#### Data provided:
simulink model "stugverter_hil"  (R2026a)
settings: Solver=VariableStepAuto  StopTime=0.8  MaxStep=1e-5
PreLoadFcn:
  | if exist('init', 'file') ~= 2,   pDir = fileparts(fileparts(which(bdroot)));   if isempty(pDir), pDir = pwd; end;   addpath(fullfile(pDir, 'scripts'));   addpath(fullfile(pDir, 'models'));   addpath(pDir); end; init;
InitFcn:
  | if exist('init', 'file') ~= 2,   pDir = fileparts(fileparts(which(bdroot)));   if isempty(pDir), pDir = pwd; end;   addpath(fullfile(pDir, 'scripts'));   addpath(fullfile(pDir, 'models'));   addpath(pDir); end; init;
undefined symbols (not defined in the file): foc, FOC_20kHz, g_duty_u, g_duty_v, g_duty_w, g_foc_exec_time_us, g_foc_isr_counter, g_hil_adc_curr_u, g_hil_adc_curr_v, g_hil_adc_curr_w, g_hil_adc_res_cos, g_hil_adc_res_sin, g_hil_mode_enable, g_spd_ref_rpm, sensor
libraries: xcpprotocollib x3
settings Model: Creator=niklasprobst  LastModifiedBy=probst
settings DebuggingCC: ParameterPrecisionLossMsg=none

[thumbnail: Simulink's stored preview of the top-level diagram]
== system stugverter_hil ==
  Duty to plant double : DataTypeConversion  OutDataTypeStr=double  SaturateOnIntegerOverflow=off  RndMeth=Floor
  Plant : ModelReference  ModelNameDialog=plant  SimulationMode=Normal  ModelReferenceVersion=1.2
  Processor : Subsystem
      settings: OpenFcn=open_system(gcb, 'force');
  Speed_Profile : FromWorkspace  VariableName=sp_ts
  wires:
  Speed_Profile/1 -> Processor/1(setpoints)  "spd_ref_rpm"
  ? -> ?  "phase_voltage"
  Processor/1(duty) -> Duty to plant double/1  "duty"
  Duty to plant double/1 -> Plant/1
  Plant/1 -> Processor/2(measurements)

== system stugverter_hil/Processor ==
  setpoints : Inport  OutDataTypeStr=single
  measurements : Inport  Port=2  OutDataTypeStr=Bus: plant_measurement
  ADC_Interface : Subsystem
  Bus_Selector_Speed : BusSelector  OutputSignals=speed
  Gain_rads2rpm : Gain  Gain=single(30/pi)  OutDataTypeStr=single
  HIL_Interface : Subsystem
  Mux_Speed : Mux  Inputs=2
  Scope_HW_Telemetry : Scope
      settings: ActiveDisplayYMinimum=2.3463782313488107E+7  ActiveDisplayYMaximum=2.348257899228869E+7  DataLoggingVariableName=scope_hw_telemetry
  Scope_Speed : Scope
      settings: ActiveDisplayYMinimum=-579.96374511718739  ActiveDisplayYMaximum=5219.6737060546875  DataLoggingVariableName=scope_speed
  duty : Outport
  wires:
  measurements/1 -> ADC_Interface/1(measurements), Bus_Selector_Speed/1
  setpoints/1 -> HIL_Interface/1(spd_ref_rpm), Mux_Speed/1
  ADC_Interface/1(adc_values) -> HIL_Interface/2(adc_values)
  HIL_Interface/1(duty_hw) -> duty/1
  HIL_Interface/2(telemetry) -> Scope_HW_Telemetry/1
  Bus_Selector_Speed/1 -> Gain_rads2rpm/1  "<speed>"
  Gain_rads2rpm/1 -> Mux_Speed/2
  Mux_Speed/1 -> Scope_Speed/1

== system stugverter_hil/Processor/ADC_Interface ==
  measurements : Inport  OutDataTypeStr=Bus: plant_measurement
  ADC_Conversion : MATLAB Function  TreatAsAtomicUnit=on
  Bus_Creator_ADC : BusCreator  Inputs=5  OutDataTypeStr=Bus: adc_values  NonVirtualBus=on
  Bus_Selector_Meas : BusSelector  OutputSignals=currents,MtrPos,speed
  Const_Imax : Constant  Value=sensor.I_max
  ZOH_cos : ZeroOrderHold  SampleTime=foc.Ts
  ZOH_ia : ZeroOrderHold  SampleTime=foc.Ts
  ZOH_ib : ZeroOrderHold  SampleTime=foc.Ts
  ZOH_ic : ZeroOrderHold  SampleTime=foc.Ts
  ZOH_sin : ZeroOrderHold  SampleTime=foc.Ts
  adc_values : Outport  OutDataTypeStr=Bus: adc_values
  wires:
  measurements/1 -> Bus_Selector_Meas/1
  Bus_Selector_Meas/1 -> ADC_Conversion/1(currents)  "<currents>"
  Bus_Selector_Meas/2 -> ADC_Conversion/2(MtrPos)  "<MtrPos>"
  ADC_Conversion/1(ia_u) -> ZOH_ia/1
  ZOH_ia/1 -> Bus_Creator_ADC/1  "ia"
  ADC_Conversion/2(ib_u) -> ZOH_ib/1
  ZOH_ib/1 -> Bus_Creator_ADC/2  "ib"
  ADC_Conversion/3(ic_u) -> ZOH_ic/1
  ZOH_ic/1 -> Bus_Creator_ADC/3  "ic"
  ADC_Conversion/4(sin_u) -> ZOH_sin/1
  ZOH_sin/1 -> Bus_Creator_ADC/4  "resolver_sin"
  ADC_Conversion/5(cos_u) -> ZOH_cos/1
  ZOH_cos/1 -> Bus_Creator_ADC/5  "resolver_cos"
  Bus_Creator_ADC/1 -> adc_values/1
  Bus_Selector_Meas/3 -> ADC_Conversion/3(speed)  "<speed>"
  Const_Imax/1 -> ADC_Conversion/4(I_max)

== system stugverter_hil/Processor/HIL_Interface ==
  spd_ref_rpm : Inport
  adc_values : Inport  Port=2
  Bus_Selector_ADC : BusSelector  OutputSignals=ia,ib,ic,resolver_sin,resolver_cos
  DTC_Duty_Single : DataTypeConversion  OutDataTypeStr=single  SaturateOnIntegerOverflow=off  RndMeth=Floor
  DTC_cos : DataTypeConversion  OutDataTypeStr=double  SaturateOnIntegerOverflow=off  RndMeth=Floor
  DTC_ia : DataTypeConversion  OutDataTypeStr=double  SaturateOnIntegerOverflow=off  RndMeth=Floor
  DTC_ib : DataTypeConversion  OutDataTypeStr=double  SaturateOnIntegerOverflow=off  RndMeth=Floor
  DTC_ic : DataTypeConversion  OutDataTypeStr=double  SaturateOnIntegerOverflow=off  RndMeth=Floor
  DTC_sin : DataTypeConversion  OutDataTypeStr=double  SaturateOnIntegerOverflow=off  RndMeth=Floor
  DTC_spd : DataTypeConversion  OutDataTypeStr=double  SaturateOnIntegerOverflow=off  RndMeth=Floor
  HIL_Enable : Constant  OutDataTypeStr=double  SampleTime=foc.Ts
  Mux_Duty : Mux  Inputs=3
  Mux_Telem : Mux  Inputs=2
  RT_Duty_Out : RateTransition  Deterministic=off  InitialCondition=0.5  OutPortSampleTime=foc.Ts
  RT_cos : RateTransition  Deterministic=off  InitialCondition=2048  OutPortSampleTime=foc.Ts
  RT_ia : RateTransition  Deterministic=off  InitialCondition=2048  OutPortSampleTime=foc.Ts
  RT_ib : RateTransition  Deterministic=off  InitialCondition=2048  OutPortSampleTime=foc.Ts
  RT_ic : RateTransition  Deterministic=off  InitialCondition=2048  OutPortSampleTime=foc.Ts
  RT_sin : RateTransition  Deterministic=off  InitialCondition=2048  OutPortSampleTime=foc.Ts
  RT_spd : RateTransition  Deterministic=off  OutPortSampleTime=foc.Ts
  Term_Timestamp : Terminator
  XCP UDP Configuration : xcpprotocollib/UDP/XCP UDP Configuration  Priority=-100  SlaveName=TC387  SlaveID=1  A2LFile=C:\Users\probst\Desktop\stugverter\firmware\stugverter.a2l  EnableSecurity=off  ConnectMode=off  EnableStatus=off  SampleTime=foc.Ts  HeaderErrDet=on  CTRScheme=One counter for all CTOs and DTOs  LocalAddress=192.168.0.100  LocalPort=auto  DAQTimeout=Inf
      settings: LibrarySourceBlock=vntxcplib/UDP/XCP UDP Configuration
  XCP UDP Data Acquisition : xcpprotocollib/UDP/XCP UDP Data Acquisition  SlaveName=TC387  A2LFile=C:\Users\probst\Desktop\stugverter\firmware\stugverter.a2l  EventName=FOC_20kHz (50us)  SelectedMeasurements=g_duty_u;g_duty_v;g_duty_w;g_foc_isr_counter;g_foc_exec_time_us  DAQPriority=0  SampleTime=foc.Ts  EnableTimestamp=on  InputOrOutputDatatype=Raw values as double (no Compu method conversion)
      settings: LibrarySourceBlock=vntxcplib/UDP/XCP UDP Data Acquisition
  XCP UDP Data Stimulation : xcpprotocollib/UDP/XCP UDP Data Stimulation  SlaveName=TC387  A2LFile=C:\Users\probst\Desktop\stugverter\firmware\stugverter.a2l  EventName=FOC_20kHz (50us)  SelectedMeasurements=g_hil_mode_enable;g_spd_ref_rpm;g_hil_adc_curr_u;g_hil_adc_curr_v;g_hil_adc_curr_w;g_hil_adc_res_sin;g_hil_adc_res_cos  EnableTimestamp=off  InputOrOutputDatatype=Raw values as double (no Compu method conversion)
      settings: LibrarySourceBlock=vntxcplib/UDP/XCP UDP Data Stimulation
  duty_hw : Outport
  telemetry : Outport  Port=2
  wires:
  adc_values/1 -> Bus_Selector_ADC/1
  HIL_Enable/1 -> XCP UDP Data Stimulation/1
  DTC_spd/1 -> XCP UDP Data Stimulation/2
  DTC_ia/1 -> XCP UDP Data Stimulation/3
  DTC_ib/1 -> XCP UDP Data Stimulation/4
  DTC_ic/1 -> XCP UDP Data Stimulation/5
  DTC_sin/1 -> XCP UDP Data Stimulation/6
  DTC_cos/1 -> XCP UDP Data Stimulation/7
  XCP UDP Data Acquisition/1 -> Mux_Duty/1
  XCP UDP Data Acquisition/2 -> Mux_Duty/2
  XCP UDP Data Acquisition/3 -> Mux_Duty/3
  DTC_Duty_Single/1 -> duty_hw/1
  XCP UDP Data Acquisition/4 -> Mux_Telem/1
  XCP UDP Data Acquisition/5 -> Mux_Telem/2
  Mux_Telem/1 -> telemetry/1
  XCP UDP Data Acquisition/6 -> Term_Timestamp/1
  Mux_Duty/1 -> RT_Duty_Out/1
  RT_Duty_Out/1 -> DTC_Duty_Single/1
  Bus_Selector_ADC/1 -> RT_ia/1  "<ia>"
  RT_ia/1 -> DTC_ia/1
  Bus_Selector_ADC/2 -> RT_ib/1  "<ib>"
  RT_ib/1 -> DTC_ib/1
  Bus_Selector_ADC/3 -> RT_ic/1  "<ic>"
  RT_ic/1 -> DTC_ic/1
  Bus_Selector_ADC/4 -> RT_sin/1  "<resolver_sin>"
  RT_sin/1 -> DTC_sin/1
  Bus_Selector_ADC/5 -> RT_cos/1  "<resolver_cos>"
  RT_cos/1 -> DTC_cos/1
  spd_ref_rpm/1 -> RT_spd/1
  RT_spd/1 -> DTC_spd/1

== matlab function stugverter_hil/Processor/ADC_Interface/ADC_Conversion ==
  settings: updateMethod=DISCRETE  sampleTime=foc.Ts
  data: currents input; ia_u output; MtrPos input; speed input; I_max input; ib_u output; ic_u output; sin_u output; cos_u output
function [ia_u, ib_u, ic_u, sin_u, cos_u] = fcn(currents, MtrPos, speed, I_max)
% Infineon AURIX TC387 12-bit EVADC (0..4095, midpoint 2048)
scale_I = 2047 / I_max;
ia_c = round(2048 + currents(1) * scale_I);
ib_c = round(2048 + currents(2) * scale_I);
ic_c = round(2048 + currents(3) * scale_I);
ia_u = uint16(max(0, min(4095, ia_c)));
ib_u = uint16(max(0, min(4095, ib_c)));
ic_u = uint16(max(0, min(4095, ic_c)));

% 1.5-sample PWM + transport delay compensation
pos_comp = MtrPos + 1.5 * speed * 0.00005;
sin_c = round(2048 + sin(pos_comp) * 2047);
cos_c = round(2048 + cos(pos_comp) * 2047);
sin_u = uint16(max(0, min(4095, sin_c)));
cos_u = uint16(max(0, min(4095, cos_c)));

#### Task to carry out:
Starting at the line above that contains "settings Model: Creator=niklasprobst", repeat each line exactly up to and including the line that contains "Duty to plant double : DataTypeConversion", and stop there.

#### Worked solution:
settings Model: Creator=niklasprobst  LastModifiedBy=probst
settings DebuggingCC: ParameterPrecisionLossMsg=none

[thumbnail: Simulink's stored preview of the top-level diagram]
== system stugverter_hil ==
  Duty to plant double : DataTypeConversion  OutDataTypeStr=double  SaturateOnIntegerOverflow=off  RndMeth=Floor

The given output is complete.